--- GOAL OF THE EXERCISE ---
Every line from the start of the data through the line containing "#15=CARTESIAN_POINT('',(0.,0.,0.));" should be retyped exactly; the pictures should not.

(Collected data)
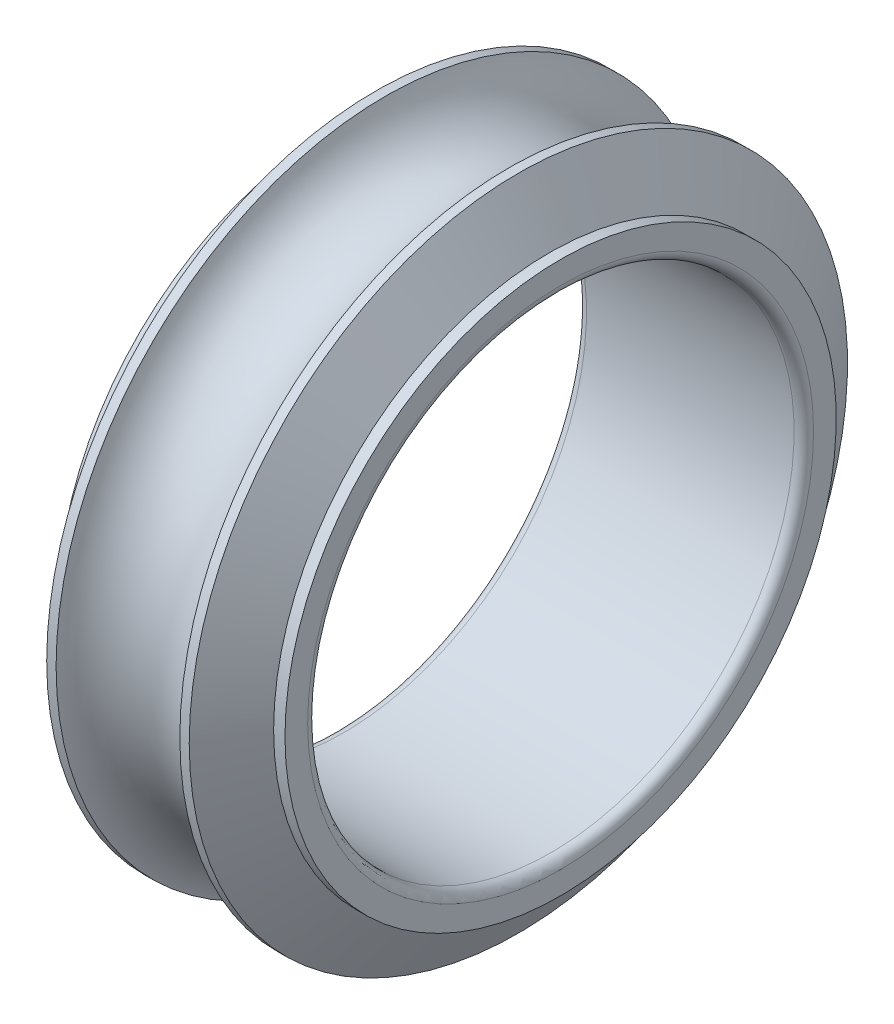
ISO-10303-21;
HEADER;
FILE_DESCRIPTION(('STEP AP214'),'2;1');
FILE_NAME('part.step','',(''),(''),'','','');
FILE_SCHEMA(('AUTOMOTIVE_DESIGN { 1 0 10303 214 1 1 1 1 }'));
ENDSEC;
DATA;
#1=APPLICATION_CONTEXT('core data for automotive mechanical design processes');
#2=APPLICATION_PROTOCOL_DEFINITION('international standard','automotive_design',2000,#1);
#3=PRODUCT_CONTEXT('',#1,'mechanical');
#4=PRODUCT('Part','Part','',(#3));
#5=PRODUCT_RELATED_PRODUCT_CATEGORY('part','',(#4));
#6=PRODUCT_DEFINITION_FORMATION('','',#4);
#7=PRODUCT_DEFINITION_CONTEXT('part definition',#1,'design');
#8=PRODUCT_DEFINITION('design','',#6,#7);
#9=PRODUCT_DEFINITION_SHAPE('','',#8);
#10=(LENGTH_UNIT() NAMED_UNIT(*) SI_UNIT(.MILLI.,.METRE.));
#11=(NAMED_UNIT(*) PLANE_ANGLE_UNIT() SI_UNIT($,.RADIAN.));
#12=(NAMED_UNIT(*) SI_UNIT($,.STERADIAN.) SOLID_ANGLE_UNIT());
#13=UNCERTAINTY_MEASURE_WITH_UNIT(LENGTH_MEASURE(1.E-05),#10,'distance_accuracy_value','');
#14=(GEOMETRIC_REPRESENTATION_CONTEXT(3) GLOBAL_UNCERTAINTY_ASSIGNED_CONTEXT((#13)) GLOBAL_UNIT_ASSIGNED_CONTEXT((#10,
#11,#12)) REPRESENTATION_CONTEXT('',''));
#15=CARTESIAN_POINT('',(0.,0.,0.));
#16=DIRECTION('',(0.,0.,1.));
#17=DIRECTION('',(1.,0.,0.));
#18=AXIS2_PLACEMENT_3D('',#15,#16,#17);
#19=CARTESIAN_POINT('',(6.7,0.,0.));
#20=DIRECTION('',(-1.,0.,0.));
#21=DIRECTION('',(0.,0.,1.));
#22=AXIS2_PLACEMENT_3D('',#19,#20,#21);
#23=TOROIDAL_SURFACE('',#22,7.8,0.3);
#24=CARTESIAN_POINT('',(7.,0.,0.));
#25=DIRECTION('',(-1.,0.,0.));
#26=DIRECTION('',(0.,0.,1.));
#27=AXIS2_PLACEMENT_3D('',#24,#25,#26);
#28=CIRCLE('',#27,7.8);
#29=CARTESIAN_POINT('',(7.,0.,7.8));
#30=VERTEX_POINT('',#29);
#31=EDGE_CURVE('E10',#30,#30,#28,.T.);
#32=ORIENTED_EDGE('',*,*,#31,.F.);
#33=EDGE_LOOP('',(#32));
#34=FACE_BOUND('',#33,.T.);
#35=CARTESIAN_POINT('',(6.7,0.,0.));
#36=DIRECTION('',(-1.,0.,0.));
#37=DIRECTION('',(0.,0.,1.));
#38=AXIS2_PLACEMENT_3D('',#35,#36,#37);
#39=CIRCLE('',#38,7.5);
#40=CARTESIAN_POINT('',(6.7,0.,7.5));
#41=VERTEX_POINT('',#40);
#42=EDGE_CURVE('E72',#41,#41,#39,.T.);
#43=ORIENTED_EDGE('',*,*,#42,.T.);
#44=EDGE_LOOP('',(#43));
#45=FACE_BOUND('',#44,.T.);
#46=ADVANCED_FACE('F14',(#34,#45),#23,.T.);
#47=CARTESIAN_POINT('',(7.,7.8,0.));
#48=DIRECTION('',(-1.,0.,0.));
#49=DIRECTION('',(0.,0.,1.));
#50=AXIS2_PLACEMENT_3D('',#47,#48,#49);
#51=PLANE('',#50);
#52=CARTESIAN_POINT('',(7.,0.,0.));
#53=DIRECTION('',(-1.,0.,0.));
#54=DIRECTION('',(0.,0.,1.));
#55=AXIS2_PLACEMENT_3D('',#52,#53,#54);
#56=CIRCLE('',#55,8.5);
#57=CARTESIAN_POINT('',(7.,0.,8.5));
#58=VERTEX_POINT('',#57);
#59=EDGE_CURVE('E21',#58,#58,#56,.T.);
#60=ORIENTED_EDGE('',*,*,#59,.F.);
#61=EDGE_LOOP('',(#60));
#62=FACE_BOUND('',#61,.T.);
#63=ORIENTED_EDGE('',*,*,#31,.T.);
#64=EDGE_LOOP('',(#63));
#65=FACE_BOUND('',#64,.T.);
#66=ADVANCED_FACE('F127',(#62,#65),#51,.F.);
#67=CARTESIAN_POINT('',(0.,0.,0.));
#68=DIRECTION('',(-1.,0.,0.));
#69=DIRECTION('',(0.,0.,1.));
#70=AXIS2_PLACEMENT_3D('',#67,#68,#69);
#71=CYLINDRICAL_SURFACE('',#70,8.5);
#72=CARTESIAN_POINT('',(6.65,0.,0.));
#73=DIRECTION('',(-1.,0.,0.));
#74=DIRECTION('',(0.,0.,1.));
#75=AXIS2_PLACEMENT_3D('',#72,#73,#74);
#76=CIRCLE('',#75,8.5);
#77=CARTESIAN_POINT('',(6.65,0.,8.5));
#78=VERTEX_POINT('',#77);
#79=EDGE_CURVE('E30',#78,#78,#76,.T.);
#80=ORIENTED_EDGE('',*,*,#79,.F.);
#81=EDGE_LOOP('',(#80));
#82=FACE_BOUND('',#81,.T.);
#83=ORIENTED_EDGE('',*,*,#59,.T.);
#84=EDGE_LOOP('',(#83));
#85=FACE_BOUND('',#84,.T.);
#86=ADVANCED_FACE('F132',(#82,#85),#71,.T.);
#87=CARTESIAN_POINT('',(6.65,0.,0.));
#88=DIRECTION('',(-1.,0.,0.));
#89=DIRECTION('',(0.,0.,1.));
#90=AXIS2_PLACEMENT_3D('',#87,#88,#89);
#91=CONICAL_SURFACE('',#90,8.5,1.0471975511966);
#92=CARTESIAN_POINT('',(5.69737205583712,0.,0.));
#93=DIRECTION('',(-1.,0.,0.));
#94=DIRECTION('',(0.,0.,1.));
#95=AXIS2_PLACEMENT_3D('',#92,#93,#94);
#96=CIRCLE('',#95,10.15);
#97=CARTESIAN_POINT('',(5.69737205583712,0.,10.15));
#98=VERTEX_POINT('',#97);
#99=EDGE_CURVE('E38',#98,#98,#96,.T.);
#100=ORIENTED_EDGE('',*,*,#99,.F.);
#101=EDGE_LOOP('',(#100));
#102=FACE_BOUND('',#101,.T.);
#103=ORIENTED_EDGE('',*,*,#79,.T.);
#104=EDGE_LOOP('',(#103));
#105=FACE_BOUND('',#104,.T.);
#106=ADVANCED_FACE('F123',(#102,#105),#91,.T.);
#107=CARTESIAN_POINT('',(0.,0.,0.));
#108=DIRECTION('',(-1.,0.,0.));
#109=DIRECTION('',(0.,0.,1.));
#110=AXIS2_PLACEMENT_3D('',#107,#108,#109);
#111=CYLINDRICAL_SURFACE('',#110,10.15);
#112=CARTESIAN_POINT('',(5.40787840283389,0.,0.));
#113=DIRECTION('',(-1.,0.,0.));
#114=DIRECTION('',(0.,0.,1.));
#115=AXIS2_PLACEMENT_3D('',#112,#113,#114);
#116=CIRCLE('',#115,10.15);
#117=CARTESIAN_POINT('',(5.40787840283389,0.,10.15));
#118=VERTEX_POINT('',#117);
#119=EDGE_CURVE('E44',#118,#118,#116,.T.);
#120=ORIENTED_EDGE('',*,*,#119,.F.);
#121=EDGE_LOOP('',(#120));
#122=FACE_BOUND('',#121,.T.);
#123=ORIENTED_EDGE('',*,*,#99,.T.);
#124=EDGE_LOOP('',(#123));
#125=FACE_BOUND('',#124,.T.);
#126=ADVANCED_FACE('F116',(#122,#125),#111,.T.);
#127=CARTESIAN_POINT('',(3.5,0.,0.));
#128=DIRECTION('',(-1.,0.,0.));
#129=DIRECTION('',(0.,0.,1.));
#130=AXIS2_PLACEMENT_3D('',#127,#128,#129);
#131=TOROIDAL_SURFACE('',#130,10.75,2.);
#132=ORIENTED_EDGE('',*,*,#119,.T.);
#133=EDGE_LOOP('',(#132));
#134=FACE_BOUND('',#133,.T.);
#135=CARTESIAN_POINT('',(1.59212159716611,0.,0.));
#136=DIRECTION('',(-1.,0.,0.));
#137=DIRECTION('',(0.,0.,1.));
#138=AXIS2_PLACEMENT_3D('',#135,#136,#137);
#139=CIRCLE('',#138,10.15);
#140=CARTESIAN_POINT('',(1.59212159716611,0.,10.15));
#141=VERTEX_POINT('',#140);
#142=EDGE_CURVE('E48',#141,#141,#139,.T.);
#143=ORIENTED_EDGE('',*,*,#142,.F.);
#144=EDGE_LOOP('',(#143));
#145=FACE_BOUND('',#144,.T.);
#146=ADVANCED_FACE('F111',(#134,#145),#131,.F.);
#147=CARTESIAN_POINT('',(0.,0.,0.));
#148=DIRECTION('',(-1.,0.,0.));
#149=DIRECTION('',(0.,0.,1.));
#150=AXIS2_PLACEMENT_3D('',#147,#148,#149);
#151=CYLINDRICAL_SURFACE('',#150,10.15);
#152=CARTESIAN_POINT('',(1.30262794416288,0.,0.));
#153=DIRECTION('',(-1.,0.,0.));
#154=DIRECTION('',(0.,0.,1.));
#155=AXIS2_PLACEMENT_3D('',#152,#153,#154);
#156=CIRCLE('',#155,10.15);
#157=CARTESIAN_POINT('',(1.30262794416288,0.,10.15));
#158=VERTEX_POINT('',#157);
#159=EDGE_CURVE('E52',#158,#158,#156,.T.);
#160=ORIENTED_EDGE('',*,*,#159,.F.);
#161=EDGE_LOOP('',(#160));
#162=FACE_BOUND('',#161,.T.);
#163=ORIENTED_EDGE('',*,*,#142,.T.);
#164=EDGE_LOOP('',(#163));
#165=FACE_BOUND('',#164,.T.);
#166=ADVANCED_FACE('F105',(#162,#165),#151,.T.);
#167=CARTESIAN_POINT('',(1.30262794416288,0.,0.));
#168=DIRECTION('',(1.,0.,0.));
#169=DIRECTION('',(0.,0.,-1.));
#170=AXIS2_PLACEMENT_3D('',#167,#168,#169);
#171=CONICAL_SURFACE('',#170,10.15,1.0471975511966);
#172=CARTESIAN_POINT('',(0.35,0.,0.));
#173=DIRECTION('',(-1.,0.,0.));
#174=DIRECTION('',(0.,0.,1.));
#175=AXIS2_PLACEMENT_3D('',#172,#173,#174);
#176=CIRCLE('',#175,8.5);
#177=CARTESIAN_POINT('',(0.35,0.,8.5));
#178=VERTEX_POINT('',#177);
#179=EDGE_CURVE('E56',#178,#178,#176,.T.);
#180=ORIENTED_EDGE('',*,*,#179,.F.);
#181=EDGE_LOOP('',(#180));
#182=FACE_BOUND('',#181,.T.);
#183=ORIENTED_EDGE('',*,*,#159,.T.);
#184=EDGE_LOOP('',(#183));
#185=FACE_BOUND('',#184,.T.);
#186=ADVANCED_FACE('F99',(#182,#185),#171,.T.);
#187=CARTESIAN_POINT('',(0.,0.,0.));
#188=DIRECTION('',(-1.,0.,0.));
#189=DIRECTION('',(0.,0.,1.));
#190=AXIS2_PLACEMENT_3D('',#187,#188,#189);
#191=CYLINDRICAL_SURFACE('',#190,8.5);
#192=CARTESIAN_POINT('',(0.,0.,0.));
#193=DIRECTION('',(-1.,0.,0.));
#194=DIRECTION('',(0.,0.,1.));
#195=AXIS2_PLACEMENT_3D('',#192,#193,#194);
#196=CIRCLE('',#195,8.5);
#197=CARTESIAN_POINT('',(0.,0.,8.5));
#198=VERTEX_POINT('',#197);
#199=EDGE_CURVE('E60',#198,#198,#196,.T.);
#200=ORIENTED_EDGE('',*,*,#199,.F.);
#201=EDGE_LOOP('',(#200));
#202=FACE_BOUND('',#201,.T.);
#203=ORIENTED_EDGE('',*,*,#179,.T.);
#204=EDGE_LOOP('',(#203));
#205=FACE_BOUND('',#204,.T.);
#206=ADVANCED_FACE('F93',(#202,#205),#191,.T.);
#207=CARTESIAN_POINT('',(0.,8.5,0.));
#208=DIRECTION('',(1.,0.,0.));
#209=DIRECTION('',(0.,0.,-1.));
#210=AXIS2_PLACEMENT_3D('',#207,#208,#209);
#211=PLANE('',#210);
#212=CARTESIAN_POINT('',(0.,0.,0.));
#213=DIRECTION('',(-1.,0.,0.));
#214=DIRECTION('',(0.,0.,1.));
#215=AXIS2_PLACEMENT_3D('',#212,#213,#214);
#216=CIRCLE('',#215,7.8);
#217=CARTESIAN_POINT('',(0.,0.,7.8));
#218=VERTEX_POINT('',#217);
#219=EDGE_CURVE('E64',#218,#218,#216,.T.);
#220=ORIENTED_EDGE('',*,*,#219,.F.);
#221=EDGE_LOOP('',(#220));
#222=FACE_BOUND('',#221,.T.);
#223=ORIENTED_EDGE('',*,*,#199,.T.);
#224=EDGE_LOOP('',(#223));
#225=FACE_BOUND('',#224,.T.);
#226=ADVANCED_FACE('F87',(#222,#225),#211,.F.);
#227=CARTESIAN_POINT('',(0.3,0.,0.));
#228=DIRECTION('',(-1.,0.,0.));
#229=DIRECTION('',(0.,0.,1.));
#230=AXIS2_PLACEMENT_3D('',#227,#228,#229);
#231=TOROIDAL_SURFACE('',#230,7.8,0.3);
#232=CARTESIAN_POINT('',(0.3,0.,0.));
#233=DIRECTION('',(-1.,0.,0.));
#234=DIRECTION('',(0.,0.,1.));
#235=AXIS2_PLACEMENT_3D('',#232,#233,#234);
#236=CIRCLE('',#235,7.5);
#237=CARTESIAN_POINT('',(0.3,0.,7.5));
#238=VERTEX_POINT('',#237);
#239=EDGE_CURVE('E68',#238,#238,#236,.T.);
#240=ORIENTED_EDGE('',*,*,#239,.F.);
#241=EDGE_LOOP('',(#240));
#242=FACE_BOUND('',#241,.T.);
#243=ORIENTED_EDGE('',*,*,#219,.T.);
#244=EDGE_LOOP('',(#243));
#245=FACE_BOUND('',#244,.T.);
#246=ADVANCED_FACE('F81',(#242,#245),#231,.T.);
#247=CARTESIAN_POINT('',(0.,0.,0.));
#248=DIRECTION('',(-1.,0.,0.));
#249=DIRECTION('',(0.,0.,1.));
#250=AXIS2_PLACEMENT_3D('',#247,#248,#249);
#251=CYLINDRICAL_SURFACE('',#250,7.5);
#252=ORIENTED_EDGE('',*,*,#42,.F.);
#253=EDGE_LOOP('',(#252));
#254=FACE_BOUND('',#253,.T.);
#255=ORIENTED_EDGE('',*,*,#239,.T.);
#256=EDGE_LOOP('',(#255));
#257=FACE_BOUND('',#256,.T.);
#258=ADVANCED_FACE('F78',(#254,#257),#251,.F.);
#259=CLOSED_SHELL('',(#46,#66,#86,#106,#126,#146,#166,#186,#206,#226,#246,#258));
#260=MANIFOLD_SOLID_BREP('B1',#259);
#261=ADVANCED_BREP_SHAPE_REPRESENTATION('',(#18,#260),#14);
#262=SHAPE_DEFINITION_REPRESENTATION(#9,#261);
ENDSEC;
END-ISO-10303-21;

--- RESPONSE BOX ---
ISO-10303-21;
HEADER;
FILE_DESCRIPTION(('STEP AP214'),'2;1');
FILE_NAME('part.step','',(''),(''),'','','');
FILE_SCHEMA(('AUTOMOTIVE_DESIGN { 1 0 10303 214 1 1 1 1 }'));
ENDSEC;
DATA;
#1=APPLICATION_CONTEXT('core data for automotive mechanical design processes');
#2=APPLICATION_PROTOCOL_DEFINITION('international standard','automotive_design',2000,#1);
#3=PRODUCT_CONTEXT('',#1,'mechanical');
#4=PRODUCT('Part','Part','',(#3));
#5=PRODUCT_RELATED_PRODUCT_CATEGORY('part','',(#4));
#6=PRODUCT_DEFINITION_FORMATION('','',#4);
#7=PRODUCT_DEFINITION_CONTEXT('part definition',#1,'design');
#8=PRODUCT_DEFINITION('design','',#6,#7);
#9=PRODUCT_DEFINITION_SHAPE('','',#8);
#10=(LENGTH_UNIT() NAMED_UNIT(*) SI_UNIT(.MILLI.,.METRE.));
#11=(NAMED_UNIT(*) PLANE_ANGLE_UNIT() SI_UNIT($,.RADIAN.));
#12=(NAMED_UNIT(*) SI_UNIT($,.STERADIAN.) SOLID_ANGLE_UNIT());
#13=UNCERTAINTY_MEASURE_WITH_UNIT(LENGTH_MEASURE(1.E-05),#10,'distance_accuracy_value','');
#14=(GEOMETRIC_REPRESENTATION_CONTEXT(3) GLOBAL_UNCERTAINTY_ASSIGNED_CONTEXT((#13)) GLOBAL_UNIT_ASSIGNED_CONTEXT((#10,
#11,#12)) REPRESENTATION_CONTEXT('',''));
#15=CARTESIAN_POINT('',(0.,0.,0.));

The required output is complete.